Comment 2 krishnan parthasarathi 2012-03-12 13:35:08 EDT
Saurabh, could you add "Steps to reproduce" ?
Comment 3 Saurabh 2012-03-13 03:08:39 EDT
This happened only on server of cluster of 4 nodes and presently with 3.3.0qa27 it is not seen till now. 

Earlier I didn't mention the steps as it was happening only for one server and every time bringing up the "glusterd" this core got generated.
Comment 4 Amar Tumballi 2012-05-11 02:58:38 EDT
not reproducible, but have sent a patch to solve a possible (review based) race condition @ http://review.gluster.com/3183
Comment 5 Vijay Bellur 2012-05-18 09:00:47 EDT
Removing from blocker list as this has been seen only once.

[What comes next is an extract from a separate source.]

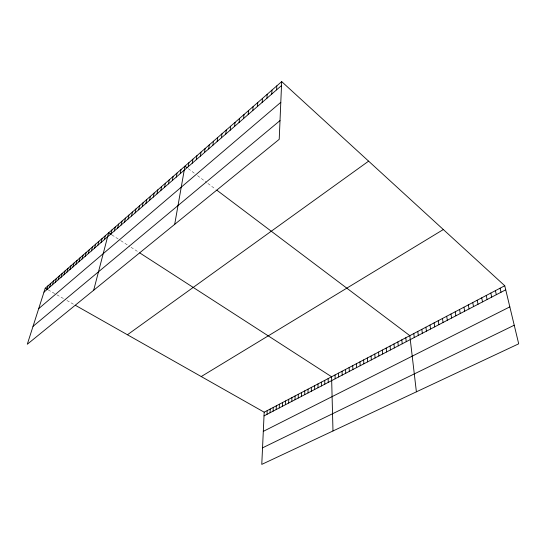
<?xml version="1.0" encoding="UTF-8"?>
<svg xmlns="http://www.w3.org/2000/svg" width="546" height="546" viewBox="0 0 546 546"><rect width="100%" height="100%" fill="white"/><g stroke="black" fill="none" stroke-linecap="round" stroke-linejoin="round"><path stroke-width="0.41" stroke-dasharray="2.73 2.05" d="M48.164 289.878L56.149 294.403M56.873 294.813L65.459 299.672M66.885 300.477L73.928 304.463M111.882 234.91L120.25 240.315M120.891 240.725L129.757 246.451M131.013 247.263L138.486 252.088M188.281 168.659L194.246 173.157M197.529 175.635L206.62 182.487M207.91 183.456L215.561 189.223"/><path stroke-width="0.82" d="M308.033 392.936L308.033 389.148M304.75 394.649L304.764 390.868M301.488 396.355L301.515 392.581M298.246 398.041L298.287 394.273M295.031 399.72L295.079 395.959M291.83 401.392L291.898 397.631M288.657 403.044L288.738 399.297M285.503 404.688L285.599 400.948M282.378 406.326L282.48 402.586M279.265 407.944L279.381 404.217M276.174 409.555L276.303 405.835M273.109 411.158L273.246 407.439M270.058 412.749L270.209 409.036M281.688 81.607L279.211 139.332L27.3 344.246L45.229 288.22L281.688 81.607L504.75 285.742L518.7 343.816L261.773 464.393L264.196 412.196L504.75 285.742M267.028 414.325L267.192 410.619M276.604 89.837L276.802 85.872M271.737 94.069L271.969 90.097M266.926 98.253L267.185 94.281M262.162 102.395L262.449 98.416M257.446 106.497L257.767 102.511M252.784 110.551L253.126 106.566M248.171 114.564L248.539 110.572M243.598 118.543L243.994 114.544M239.08 122.475L239.496 118.468M234.603 126.365L235.046 122.359M230.173 130.221L230.644 126.208M225.785 134.036L226.276 130.023M221.444 137.81L221.963 133.797M217.144 141.55L217.683 137.531M212.885 145.25L213.452 141.23M208.674 148.915L209.255 144.895M204.497 152.546L205.105 148.526M200.368 156.142L200.996 152.116M196.273 159.698L196.922 155.671M192.219 163.22L192.888 159.2M188.206 166.714L188.896 162.688M174.693 224.358L184.944 166.141L186.944 167.649M180.228 173.648L180.958 169.622M176.262 177.102L177.013 173.068M172.338 180.514L173.102 176.488M168.448 183.893L169.233 179.866M164.599 187.244L165.397 183.217M160.783 190.561L161.602 186.534M157.002 193.85L157.842 189.824M153.255 197.106L154.109 193.079M149.549 200.334L150.416 196.307M145.871 203.528L146.758 199.502M142.233 206.695L143.134 202.675M138.623 209.835L139.544 205.808M135.053 212.94L135.981 208.92M131.511 216.018L132.46 212.005M128.003 219.069L128.965 215.056M124.522 222.099L125.498 218.079M121.076 225.095L122.065 221.082M117.663 228.064L118.666 224.051M114.278 231.006L115.295 227M110.92 233.927L111.95 229.921M93.68 290.254L108.64 232.814L111.234 234.493M104.3 239.68L105.351 235.681M101.03 242.526L102.102 238.527M97.795 245.338L98.874 241.346M94.581 248.137L95.673 244.144M91.4 250.901L92.499 246.915M88.247 253.644L89.36 249.659M85.115 256.367L86.241 252.388M82.016 259.063L83.149 255.084M78.938 261.739L80.085 257.767M75.887 264.387L77.047 260.422M72.864 267.021L74.031 263.049M69.868 269.628L71.041 265.663M66.892 272.215L68.079 268.25M63.943 274.774L65.145 270.823M61.022 277.32L62.23 273.369M58.122 279.839L59.337 275.894M55.248 282.343L56.47 278.399M52.396 284.821L53.624 280.883M49.563 287.285L50.805 283.347M46.758 289.721L48.007 285.79M43.973 292.144L281.518 85.565M38.698 308.64L280.801 102.327M33.033 326.344L280.016 120.584M127.436 334.766L368.611 161.152M201.235 376.549L443.332 229.538M264.025 415.895L505.726 289.803M263.302 431.374L509.827 306.872M262.537 447.85L514.236 325.225M45.229 288.22L47.427 289.462M75.328 305.262L264.196 412.196M139.721 252.887L331.586 376.767L332.985 430.971M216.823 190.179L409.814 335.647L416.393 391.83M500.061 288.206L501.01 292.26M495.413 290.649L496.334 294.697M490.806 293.072L491.7 297.12M486.233 295.475L487.1 299.515M481.695 297.857L482.541 301.897M477.197 300.225L478.016 304.259M472.734 302.573L473.525 306.599M468.304 304.9L469.075 308.92M463.916 307.207L464.66 311.227M459.555 309.5L460.278 313.513M455.228 311.773L455.93 315.779M450.941 314.025L451.617 318.031M446.683 316.264L447.338 320.263M442.458 318.489L443.086 322.481M438.267 320.693L438.875 324.679M434.111 322.877L434.698 326.856M429.982 325.047L430.548 329.02M425.887 327.197L426.433 331.169M421.819 329.334L422.345 333.299M417.786 331.456L418.291 335.415M413.786 333.558L414.271 337.517M405.801 337.756L406.244 341.7M401.822 339.851L402.245 343.789M397.877 341.926L398.28 345.857M393.959 343.98L394.342 347.911M390.069 346.027L390.431 349.952M386.206 348.055L386.554 351.972M382.377 350.068L382.705 353.979M378.576 352.068L378.883 355.972M374.795 354.054L375.088 357.951M371.048 356.026L371.328 359.916M367.328 357.978L367.588 361.868M363.636 359.923L363.882 363.8M359.971 361.848L360.196 365.724M356.333 363.759L356.545 367.629M352.723 365.656L352.914 369.526M349.14 367.547L349.31 371.403M345.577 369.417L345.734 373.266M342.042 371.273L342.185 375.122M338.534 373.123L338.663 376.958M335.046 374.952L335.162 378.788M328.153 378.576L328.235 382.398M324.74 380.371L324.809 384.186M321.348 382.152L321.41 385.961M317.99 383.92L318.031 387.721M314.646 385.674L314.673 389.475M311.329 387.421L311.343 391.209"/></g></svg>

Comment 6 krishnan parthasarathi 2012-06-25 00:44:50 EDT
Saurabh,
Could you check if this issue is seen in RHS 2.0 RC2?
Comment 7 Saurabh 2012-06-25 07:34:06 EDT
I tried to reproduce the issue on 3.3.0-rc2c, but the this is issue was not seen.

test that tried,
1. create a distribute volume.
2. bring down the glusterd on one node.
3. stop and delete the volume from other node.
4. start the glusterd of the other node.
Comment 8 Amar Tumballi 2012-07-11 02:29:48 EDT
Not able to reproduce the issue. Please re-open if you see the issue again.